Jared Dillan, economist and investor, talks on the subject of why you should not buy bonds now - based on AMarkets.
The reason №1 - the real estate bubble in Canada since last July home prices in Vancouver rose by 32%! At the same time sales have fallen by 19%! Now prices are high.
Reason №2 - games the US Federal Reserve to the market the Fed is sending conflicting signals at times - when will the rate increase. The upcoming elections complicate the task of forecasters. Now the situation is that the markets actually ceased to respond to statements by officials about the expected life of increasing rates. All because the Fed muryzhit players too long. Nobody believes the statements regulator. However, Yellen recently expressed a desire to "normalize" rates.
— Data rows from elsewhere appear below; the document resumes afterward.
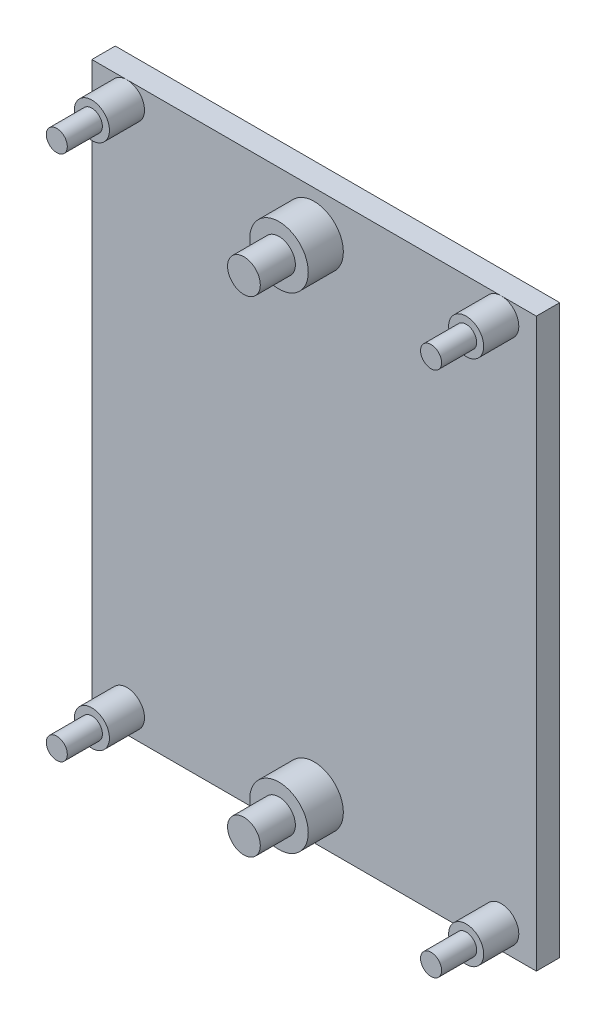
ISO-10303-21;
HEADER;
FILE_DESCRIPTION(('STEP AP214'),'2;1');
FILE_NAME('part.step','',(''),(''),'','','');
FILE_SCHEMA(('AUTOMOTIVE_DESIGN { 1 0 10303 214 1 1 1 1 }'));
ENDSEC;
DATA;
#1=APPLICATION_CONTEXT('core data for automotive mechanical design processes');
#2=APPLICATION_PROTOCOL_DEFINITION('international standard','automotive_design',2000,#1);
#3=PRODUCT_CONTEXT('',#1,'mechanical');
#4=PRODUCT('Part','Part','',(#3));
#5=PRODUCT_RELATED_PRODUCT_CATEGORY('part','',(#4));
#6=PRODUCT_DEFINITION_FORMATION('','',#4);
#7=PRODUCT_DEFINITION_CONTEXT('part definition',#1,'design');
#8=PRODUCT_DEFINITION('design','',#6,#7);
#9=PRODUCT_DEFINITION_SHAPE('','',#8);
#10=(LENGTH_UNIT() NAMED_UNIT(*) SI_UNIT(.MILLI.,.METRE.));
#11=(NAMED_UNIT(*) PLANE_ANGLE_UNIT() SI_UNIT($,.RADIAN.));
#12=(NAMED_UNIT(*) SI_UNIT($,.STERADIAN.) SOLID_ANGLE_UNIT());
#13=UNCERTAINTY_MEASURE_WITH_UNIT(LENGTH_MEASURE(1.E-05),#10,'distance_accuracy_value','');
#14=(GEOMETRIC_REPRESENTATION_CONTEXT(3) GLOBAL_UNCERTAINTY_ASSIGNED_CONTEXT((#13)) GLOBAL_UNIT_ASSIGNED_CONTEXT((#10,
#11,#12)) REPRESENTATION_CONTEXT('',''));
#15=CARTESIAN_POINT('',(0.,0.,0.));
#16=DIRECTION('',(0.,0.,1.));
#17=DIRECTION('',(1.,0.,0.));
#18=AXIS2_PLACEMENT_3D('',#15,#16,#17);
#19=CARTESIAN_POINT('',(19.,-24.25,2.));
#20=DIRECTION('',(-1.,0.,0.));
#21=DIRECTION('',(0.,0.,1.));
#22=AXIS2_PLACEMENT_3D('',#19,#20,#21);
#23=PLANE('',#22);
#24=DIRECTION('',(0.,1.,0.));
#25=VECTOR('',#24,1.);
#26=CARTESIAN_POINT('',(19.,-24.25,0.));
#27=LINE('',#26,#25);
#28=CARTESIAN_POINT('',(19.,-24.25,0.));
#29=VERTEX_POINT('',#28);
#30=CARTESIAN_POINT('',(19.,24.25,0.));
#31=VERTEX_POINT('',#30);
#32=EDGE_CURVE('E127',#29,#31,#27,.T.);
#33=ORIENTED_EDGE('',*,*,#32,.T.);
#34=DIRECTION('',(0.,0.,-1.));
#35=VECTOR('',#34,1.);
#36=CARTESIAN_POINT('',(19.,24.25,2.));
#37=LINE('',#36,#35);
#38=CARTESIAN_POINT('',(19.,24.25,2.));
#39=VERTEX_POINT('',#38);
#40=EDGE_CURVE('E46',#39,#31,#37,.T.);
#41=ORIENTED_EDGE('',*,*,#40,.F.);
#42=DIRECTION('',(0.,1.,0.));
#43=VECTOR('',#42,1.);
#44=CARTESIAN_POINT('',(19.,-24.25,2.));
#45=LINE('',#44,#43);
#46=CARTESIAN_POINT('',(19.,-24.25,2.));
#47=VERTEX_POINT('',#46);
#48=EDGE_CURVE('E112',#47,#39,#45,.T.);
#49=ORIENTED_EDGE('',*,*,#48,.F.);
#50=DIRECTION('',(0.,0.,-1.));
#51=VECTOR('',#50,1.);
#52=CARTESIAN_POINT('',(19.,-24.25,2.));
#53=LINE('',#52,#51);
#54=EDGE_CURVE('E62',#47,#29,#53,.T.);
#55=ORIENTED_EDGE('',*,*,#54,.T.);
#56=EDGE_LOOP('',(#33,#41,#49,#55));
#57=FACE_BOUND('',#56,.T.);
#58=ADVANCED_FACE('F43',(#57),#23,.F.);
#59=CARTESIAN_POINT('',(19.,24.25,2.));
#60=DIRECTION('',(0.,-1.,0.));
#61=DIRECTION('',(0.,0.,-1.));
#62=AXIS2_PLACEMENT_3D('',#59,#60,#61);
#63=PLANE('',#62);
#64=DIRECTION('',(-1.,0.,0.));
#65=VECTOR('',#64,1.);
#66=CARTESIAN_POINT('',(19.,24.25,0.));
#67=LINE('',#66,#65);
#68=CARTESIAN_POINT('',(-19.,24.25,0.));
#69=VERTEX_POINT('',#68);
#70=EDGE_CURVE('E129',#31,#69,#67,.T.);
#71=ORIENTED_EDGE('',*,*,#70,.T.);
#72=DIRECTION('',(0.,0.,-1.));
#73=VECTOR('',#72,1.);
#74=CARTESIAN_POINT('',(-19.,24.25,2.));
#75=LINE('',#74,#73);
#76=CARTESIAN_POINT('',(-19.,24.25,2.));
#77=VERTEX_POINT('',#76);
#78=EDGE_CURVE('E111',#77,#69,#75,.T.);
#79=ORIENTED_EDGE('',*,*,#78,.F.);
#80=DIRECTION('',(-1.,0.,0.));
#81=VECTOR('',#80,1.);
#82=CARTESIAN_POINT('',(19.,24.25,2.));
#83=LINE('',#82,#81);
#84=CARTESIAN_POINT('',(-16.,24.25,2.));
#85=VERTEX_POINT('',#84);
#86=EDGE_CURVE('E106',#85,#77,#83,.T.);
#87=ORIENTED_EDGE('',*,*,#86,.F.);
#88=CARTESIAN_POINT('',(16.,24.25,2.));
#89=VERTEX_POINT('',#88);
#90=EDGE_CURVE('E96',#89,#85,#83,.T.);
#91=ORIENTED_EDGE('',*,*,#90,.F.);
#92=EDGE_CURVE('E90',#39,#89,#83,.T.);
#93=ORIENTED_EDGE('',*,*,#92,.F.);
#94=ORIENTED_EDGE('',*,*,#40,.T.);
#95=EDGE_LOOP('',(#71,#79,#87,#91,#93,#94));
#96=FACE_BOUND('',#95,.T.);
#97=ADVANCED_FACE('F109',(#96),#63,.F.);
#98=CARTESIAN_POINT('',(-19.,-24.25,2.));
#99=DIRECTION('',(-1.,0.,0.));
#100=DIRECTION('',(0.,0.,1.));
#101=AXIS2_PLACEMENT_3D('',#98,#99,#100);
#102=PLANE('',#101);
#103=DIRECTION('',(0.,1.,0.));
#104=VECTOR('',#103,1.);
#105=CARTESIAN_POINT('',(-19.,-24.25,0.));
#106=LINE('',#105,#104);
#107=CARTESIAN_POINT('',(-19.,-24.25,0.));
#108=VERTEX_POINT('',#107);
#109=EDGE_CURVE('E131',#108,#69,#106,.T.);
#110=ORIENTED_EDGE('',*,*,#109,.F.);
#111=DIRECTION('',(0.,0.,-1.));
#112=VECTOR('',#111,1.);
#113=CARTESIAN_POINT('',(-19.,-24.25,2.));
#114=LINE('',#113,#112);
#115=CARTESIAN_POINT('',(-19.,-24.25,2.));
#116=VERTEX_POINT('',#115);
#117=EDGE_CURVE('E77',#116,#108,#114,.T.);
#118=ORIENTED_EDGE('',*,*,#117,.F.);
#119=DIRECTION('',(0.,1.,0.));
#120=VECTOR('',#119,1.);
#121=CARTESIAN_POINT('',(-19.,-24.25,2.));
#122=LINE('',#121,#120);
#123=EDGE_CURVE('E117',#116,#77,#122,.T.);
#124=ORIENTED_EDGE('',*,*,#123,.T.);
#125=ORIENTED_EDGE('',*,*,#78,.T.);
#126=EDGE_LOOP('',(#110,#118,#124,#125));
#127=FACE_BOUND('',#126,.T.);
#128=ADVANCED_FACE('F256',(#127),#102,.T.);
#129=CARTESIAN_POINT('',(19.,-24.25,2.));
#130=DIRECTION('',(0.,-1.,0.));
#131=DIRECTION('',(0.,0.,-1.));
#132=AXIS2_PLACEMENT_3D('',#129,#130,#131);
#133=PLANE('',#132);
#134=DIRECTION('',(-1.,0.,0.));
#135=VECTOR('',#134,1.);
#136=CARTESIAN_POINT('',(19.,-24.25,0.));
#137=LINE('',#136,#135);
#138=EDGE_CURVE('E114',#29,#108,#137,.T.);
#139=ORIENTED_EDGE('',*,*,#138,.F.);
#140=ORIENTED_EDGE('',*,*,#54,.F.);
#141=DIRECTION('',(-1.,0.,0.));
#142=VECTOR('',#141,1.);
#143=CARTESIAN_POINT('',(19.,-24.25,2.));
#144=LINE('',#143,#142);
#145=EDGE_CURVE('E119',#47,#116,#144,.T.);
#146=ORIENTED_EDGE('',*,*,#145,.T.);
#147=ORIENTED_EDGE('',*,*,#117,.T.);
#148=EDGE_LOOP('',(#139,#140,#146,#147));
#149=FACE_BOUND('',#148,.T.);
#150=ADVANCED_FACE('F227',(#149),#133,.T.);
#151=CARTESIAN_POINT('',(0.,0.,2.));
#152=DIRECTION('',(0.,0.,1.));
#153=DIRECTION('',(1.,0.,0.));
#154=AXIS2_PLACEMENT_3D('',#151,#152,#153);
#155=PLANE('',#154);
#156=CARTESIAN_POINT('',(16.,-22.25,2.));
#157=DIRECTION('',(0.,0.,1.));
#158=DIRECTION('',(1.,0.,0.));
#159=AXIS2_PLACEMENT_3D('',#156,#157,#158);
#160=CIRCLE('',#159,1.5);
#161=CARTESIAN_POINT('',(17.5,-22.25,2.));
#162=VERTEX_POINT('',#161);
#163=EDGE_CURVE('E157',#162,#162,#160,.T.);
#164=ORIENTED_EDGE('',*,*,#163,.F.);
#165=EDGE_LOOP('',(#164));
#166=FACE_BOUND('',#165,.T.);
#167=CARTESIAN_POINT('',(0.,-20.75,2.));
#168=DIRECTION('',(0.,0.,1.));
#169=DIRECTION('',(1.,0.,0.));
#170=AXIS2_PLACEMENT_3D('',#167,#168,#169);
#171=CIRCLE('',#170,2.5);
#172=CARTESIAN_POINT('',(2.5,-20.75,2.));
#173=VERTEX_POINT('',#172);
#174=EDGE_CURVE('E150',#173,#173,#171,.T.);
#175=ORIENTED_EDGE('',*,*,#174,.F.);
#176=EDGE_LOOP('',(#175));
#177=FACE_BOUND('',#176,.T.);
#178=CARTESIAN_POINT('',(0.,20.75,2.));
#179=DIRECTION('',(0.,0.,1.));
#180=DIRECTION('',(1.,0.,0.));
#181=AXIS2_PLACEMENT_3D('',#178,#179,#180);
#182=CIRCLE('',#181,2.5);
#183=CARTESIAN_POINT('',(2.5,20.75,2.));
#184=VERTEX_POINT('',#183);
#185=EDGE_CURVE('E145',#184,#184,#182,.T.);
#186=ORIENTED_EDGE('',*,*,#185,.F.);
#187=EDGE_LOOP('',(#186));
#188=FACE_BOUND('',#187,.T.);
#189=CARTESIAN_POINT('',(-16.,-22.25,2.));
#190=DIRECTION('',(0.,0.,1.));
#191=DIRECTION('',(1.,0.,0.));
#192=AXIS2_PLACEMENT_3D('',#189,#190,#191);
#193=CIRCLE('',#192,1.5);
#194=CARTESIAN_POINT('',(-14.5,-22.25,2.));
#195=VERTEX_POINT('',#194);
#196=EDGE_CURVE('E139',#195,#195,#193,.T.);
#197=ORIENTED_EDGE('',*,*,#196,.F.);
#198=EDGE_LOOP('',(#197));
#199=FACE_BOUND('',#198,.T.);
#200=ORIENTED_EDGE('',*,*,#92,.T.);
#201=CARTESIAN_POINT('',(16.,22.75,2.));
#202=DIRECTION('',(0.,0.,1.));
#203=DIRECTION('',(1.,0.,0.));
#204=AXIS2_PLACEMENT_3D('',#201,#202,#203);
#205=CIRCLE('',#204,1.5);
#206=EDGE_CURVE('E104',#89,#89,#205,.T.);
#207=ORIENTED_EDGE('',*,*,#206,.F.);
#208=ORIENTED_EDGE('',*,*,#90,.T.);
#209=CARTESIAN_POINT('',(-16.,22.75,2.));
#210=DIRECTION('',(0.,0.,1.));
#211=DIRECTION('',(1.,0.,0.));
#212=AXIS2_PLACEMENT_3D('',#209,#210,#211);
#213=CIRCLE('',#212,1.5);
#214=EDGE_CURVE('E105',#85,#85,#213,.T.);
#215=ORIENTED_EDGE('',*,*,#214,.F.);
#216=ORIENTED_EDGE('',*,*,#86,.T.);
#217=ORIENTED_EDGE('',*,*,#123,.F.);
#218=ORIENTED_EDGE('',*,*,#145,.F.);
#219=ORIENTED_EDGE('',*,*,#48,.T.);
#220=EDGE_LOOP('',(#200,#207,#208,#215,#216,#217,#218,#219));
#221=FACE_BOUND('',#220,.T.);
#222=ADVANCED_FACE('F99',(#166,#177,#188,#199,#221),#155,.T.);
#223=CARTESIAN_POINT('',(0.,0.,0.));
#224=DIRECTION('',(0.,0.,1.));
#225=DIRECTION('',(1.,0.,0.));
#226=AXIS2_PLACEMENT_3D('',#223,#224,#225);
#227=PLANE('',#226);
#228=ORIENTED_EDGE('',*,*,#32,.F.);
#229=ORIENTED_EDGE('',*,*,#138,.T.);
#230=ORIENTED_EDGE('',*,*,#109,.T.);
#231=ORIENTED_EDGE('',*,*,#70,.F.);
#232=EDGE_LOOP('',(#228,#229,#230,#231));
#233=FACE_BOUND('',#232,.T.);
#234=ADVANCED_FACE('F228',(#233),#227,.F.);
#235=CARTESIAN_POINT('',(-16.,-22.25,5.));
#236=DIRECTION('',(0.,0.,-1.));
#237=DIRECTION('',(-1.,0.,0.));
#238=AXIS2_PLACEMENT_3D('',#235,#236,#237);
#239=CYLINDRICAL_SURFACE('',#238,1.5);
#240=CARTESIAN_POINT('',(-16.,-22.25,5.));
#241=DIRECTION('',(0.,0.,1.));
#242=DIRECTION('',(1.,0.,0.));
#243=AXIS2_PLACEMENT_3D('',#240,#241,#242);
#244=CIRCLE('',#243,1.5);
#245=CARTESIAN_POINT('',(-14.5,-22.25,5.));
#246=VERTEX_POINT('',#245);
#247=EDGE_CURVE('E126',#246,#246,#244,.T.);
#248=ORIENTED_EDGE('',*,*,#247,.F.);
#249=EDGE_LOOP('',(#248));
#250=FACE_BOUND('',#249,.T.);
#251=ORIENTED_EDGE('',*,*,#196,.T.);
#252=EDGE_LOOP('',(#251));
#253=FACE_BOUND('',#252,.T.);
#254=ADVANCED_FACE('F248',(#250,#253),#239,.T.);
#255=CARTESIAN_POINT('',(-16.,-22.25,5.));
#256=DIRECTION('',(0.,0.,1.));
#257=DIRECTION('',(1.,0.,0.));
#258=AXIS2_PLACEMENT_3D('',#255,#256,#257);
#259=PLANE('',#258);
#260=CARTESIAN_POINT('',(-16.,-22.25,5.));
#261=DIRECTION('',(0.,0.,1.));
#262=DIRECTION('',(1.,0.,0.));
#263=AXIS2_PLACEMENT_3D('',#260,#261,#262);
#264=CIRCLE('',#263,0.900000000000002);
#265=CARTESIAN_POINT('',(-15.1,-22.25,5.));
#266=VERTEX_POINT('',#265);
#267=EDGE_CURVE('E11',#266,#266,#264,.T.);
#268=ORIENTED_EDGE('',*,*,#267,.F.);
#269=EDGE_LOOP('',(#268));
#270=FACE_BOUND('',#269,.T.);
#271=ORIENTED_EDGE('',*,*,#247,.T.);
#272=EDGE_LOOP('',(#271));
#273=FACE_BOUND('',#272,.T.);
#274=ADVANCED_FACE('F240',(#270,#273),#259,.T.);
#275=CARTESIAN_POINT('',(0.,20.75,5.));
#276=DIRECTION('',(0.,0.,-1.));
#277=DIRECTION('',(-1.,0.,0.));
#278=AXIS2_PLACEMENT_3D('',#275,#276,#277);
#279=CYLINDRICAL_SURFACE('',#278,2.5);
#280=CARTESIAN_POINT('',(0.,20.75,5.));
#281=DIRECTION('',(0.,0.,1.));
#282=DIRECTION('',(1.,0.,0.));
#283=AXIS2_PLACEMENT_3D('',#280,#281,#282);
#284=CIRCLE('',#283,2.5);
#285=CARTESIAN_POINT('',(2.5,20.75,5.));
#286=VERTEX_POINT('',#285);
#287=EDGE_CURVE('E160',#286,#286,#284,.T.);
#288=ORIENTED_EDGE('',*,*,#287,.F.);
#289=EDGE_LOOP('',(#288));
#290=FACE_BOUND('',#289,.T.);
#291=ORIENTED_EDGE('',*,*,#185,.T.);
#292=EDGE_LOOP('',(#291));
#293=FACE_BOUND('',#292,.T.);
#294=ADVANCED_FACE('F234',(#290,#293),#279,.T.);
#295=CARTESIAN_POINT('',(0.,20.75,5.));
#296=DIRECTION('',(0.,0.,1.));
#297=DIRECTION('',(1.,0.,0.));
#298=AXIS2_PLACEMENT_3D('',#295,#296,#297);
#299=PLANE('',#298);
#300=CARTESIAN_POINT('',(0.,20.75,5.));
#301=DIRECTION('',(0.,0.,1.));
#302=DIRECTION('',(1.,0.,0.));
#303=AXIS2_PLACEMENT_3D('',#300,#301,#302);
#304=CIRCLE('',#303,1.4);
#305=CARTESIAN_POINT('',(1.4,20.75,5.));
#306=VERTEX_POINT('',#305);
#307=EDGE_CURVE('E55',#306,#306,#304,.T.);
#308=ORIENTED_EDGE('',*,*,#307,.F.);
#309=EDGE_LOOP('',(#308));
#310=FACE_BOUND('',#309,.T.);
#311=ORIENTED_EDGE('',*,*,#287,.T.);
#312=EDGE_LOOP('',(#311));
#313=FACE_BOUND('',#312,.T.);
#314=ADVANCED_FACE('F236',(#310,#313),#299,.T.);
#315=CARTESIAN_POINT('',(0.,-20.75,5.));
#316=DIRECTION('',(0.,0.,-1.));
#317=DIRECTION('',(-1.,0.,0.));
#318=AXIS2_PLACEMENT_3D('',#315,#316,#317);
#319=CYLINDRICAL_SURFACE('',#318,2.5);
#320=CARTESIAN_POINT('',(0.,-20.75,5.));
#321=DIRECTION('',(0.,0.,1.));
#322=DIRECTION('',(1.,0.,0.));
#323=AXIS2_PLACEMENT_3D('',#320,#321,#322);
#324=CIRCLE('',#323,2.5);
#325=CARTESIAN_POINT('',(2.5,-20.75,5.));
#326=VERTEX_POINT('',#325);
#327=EDGE_CURVE('E155',#326,#326,#324,.T.);
#328=ORIENTED_EDGE('',*,*,#327,.F.);
#329=EDGE_LOOP('',(#328));
#330=FACE_BOUND('',#329,.T.);
#331=ORIENTED_EDGE('',*,*,#174,.T.);
#332=EDGE_LOOP('',(#331));
#333=FACE_BOUND('',#332,.T.);
#334=ADVANCED_FACE('F244',(#330,#333),#319,.T.);
#335=CARTESIAN_POINT('',(0.,-20.75,5.));
#336=DIRECTION('',(0.,0.,1.));
#337=DIRECTION('',(1.,0.,0.));
#338=AXIS2_PLACEMENT_3D('',#335,#336,#337);
#339=PLANE('',#338);
#340=CARTESIAN_POINT('',(0.,-20.75,5.));
#341=DIRECTION('',(0.,0.,1.));
#342=DIRECTION('',(1.,0.,0.));
#343=AXIS2_PLACEMENT_3D('',#340,#341,#342);
#344=CIRCLE('',#343,1.4);
#345=CARTESIAN_POINT('',(1.4,-20.75,5.));
#346=VERTEX_POINT('',#345);
#347=EDGE_CURVE('E178',#346,#346,#344,.T.);
#348=ORIENTED_EDGE('',*,*,#347,.F.);
#349=EDGE_LOOP('',(#348));
#350=FACE_BOUND('',#349,.T.);
#351=ORIENTED_EDGE('',*,*,#327,.T.);
#352=EDGE_LOOP('',(#351));
#353=FACE_BOUND('',#352,.T.);
#354=ADVANCED_FACE('F275',(#350,#353),#339,.T.);
#355=CARTESIAN_POINT('',(-16.,22.75,5.));
#356=DIRECTION('',(0.,0.,-1.));
#357=DIRECTION('',(-1.,0.,0.));
#358=AXIS2_PLACEMENT_3D('',#355,#356,#357);
#359=CYLINDRICAL_SURFACE('',#358,1.5);
#360=CARTESIAN_POINT('',(-16.,22.75,5.));
#361=DIRECTION('',(0.,0.,1.));
#362=DIRECTION('',(1.,0.,0.));
#363=AXIS2_PLACEMENT_3D('',#360,#361,#362);
#364=CIRCLE('',#363,1.5);
#365=CARTESIAN_POINT('',(-14.5,22.75,5.));
#366=VERTEX_POINT('',#365);
#367=EDGE_CURVE('E158',#366,#366,#364,.T.);
#368=ORIENTED_EDGE('',*,*,#367,.F.);
#369=EDGE_LOOP('',(#368));
#370=FACE_BOUND('',#369,.T.);
#371=ORIENTED_EDGE('',*,*,#214,.T.);
#372=EDGE_LOOP('',(#371));
#373=FACE_BOUND('',#372,.T.);
#374=ADVANCED_FACE('F273',(#370,#373),#359,.T.);
#375=CARTESIAN_POINT('',(-16.,22.75,5.));
#376=DIRECTION('',(0.,0.,1.));
#377=DIRECTION('',(1.,0.,0.));
#378=AXIS2_PLACEMENT_3D('',#375,#376,#377);
#379=PLANE('',#378);
#380=CARTESIAN_POINT('',(-16.,22.75,5.));
#381=DIRECTION('',(0.,0.,1.));
#382=DIRECTION('',(1.,0.,0.));
#383=AXIS2_PLACEMENT_3D('',#380,#381,#382);
#384=CIRCLE('',#383,0.900000000000002);
#385=CARTESIAN_POINT('',(-15.1,22.75,5.));
#386=VERTEX_POINT('',#385);
#387=EDGE_CURVE('E195',#386,#386,#384,.T.);
#388=ORIENTED_EDGE('',*,*,#387,.F.);
#389=EDGE_LOOP('',(#388));
#390=FACE_BOUND('',#389,.T.);
#391=ORIENTED_EDGE('',*,*,#367,.T.);
#392=EDGE_LOOP('',(#391));
#393=FACE_BOUND('',#392,.T.);
#394=ADVANCED_FACE('F276',(#390,#393),#379,.T.);
#395=CARTESIAN_POINT('',(16.,22.75,5.));
#396=DIRECTION('',(0.,0.,-1.));
#397=DIRECTION('',(-1.,0.,0.));
#398=AXIS2_PLACEMENT_3D('',#395,#396,#397);
#399=CYLINDRICAL_SURFACE('',#398,1.5);
#400=CARTESIAN_POINT('',(16.,22.75,5.));
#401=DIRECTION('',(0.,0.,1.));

Therefore, the increase in rates could still happen before the end of the year.
Reason №3 - the largest retailers in confusion Walmart bought Jet.com. Jet.com operates unprofitable models.Solution Walmart to buy a company with a dubious strategy for the $ 3 billion spoke about the ideological concerns of America's greatest retailer. It is clear that the networkers need a decent online, making online sales.However, the company could do everything, as they say, "inhaus". And did not, then there is a problem. Jet.com - the worst option, even to get close to the online sales closer.
Reason №4 - EsliTramp blow himself Clinton's tough to beat. The system is hard to beat. Now you can even watch the unwinding of such a phenomenon as "Republicans Clinton." Meg Todd and Christy Todd, honored women Republicans were seen in the praise of the personal qualities of Hillary. About the same ( "Reagan Democrats") could be observed 30 years ago.
Jared Dillan claims - to buy bonds in a turbid medium and poisonous atmosphere would be very imprudent step. No matter who comes to power - or Hillary Donald - they both have launched a massive easing program in 2017.Trump had actually promised to QE by $ 500 billion. All this is a source of threats and unpredictable consequences for the debt market.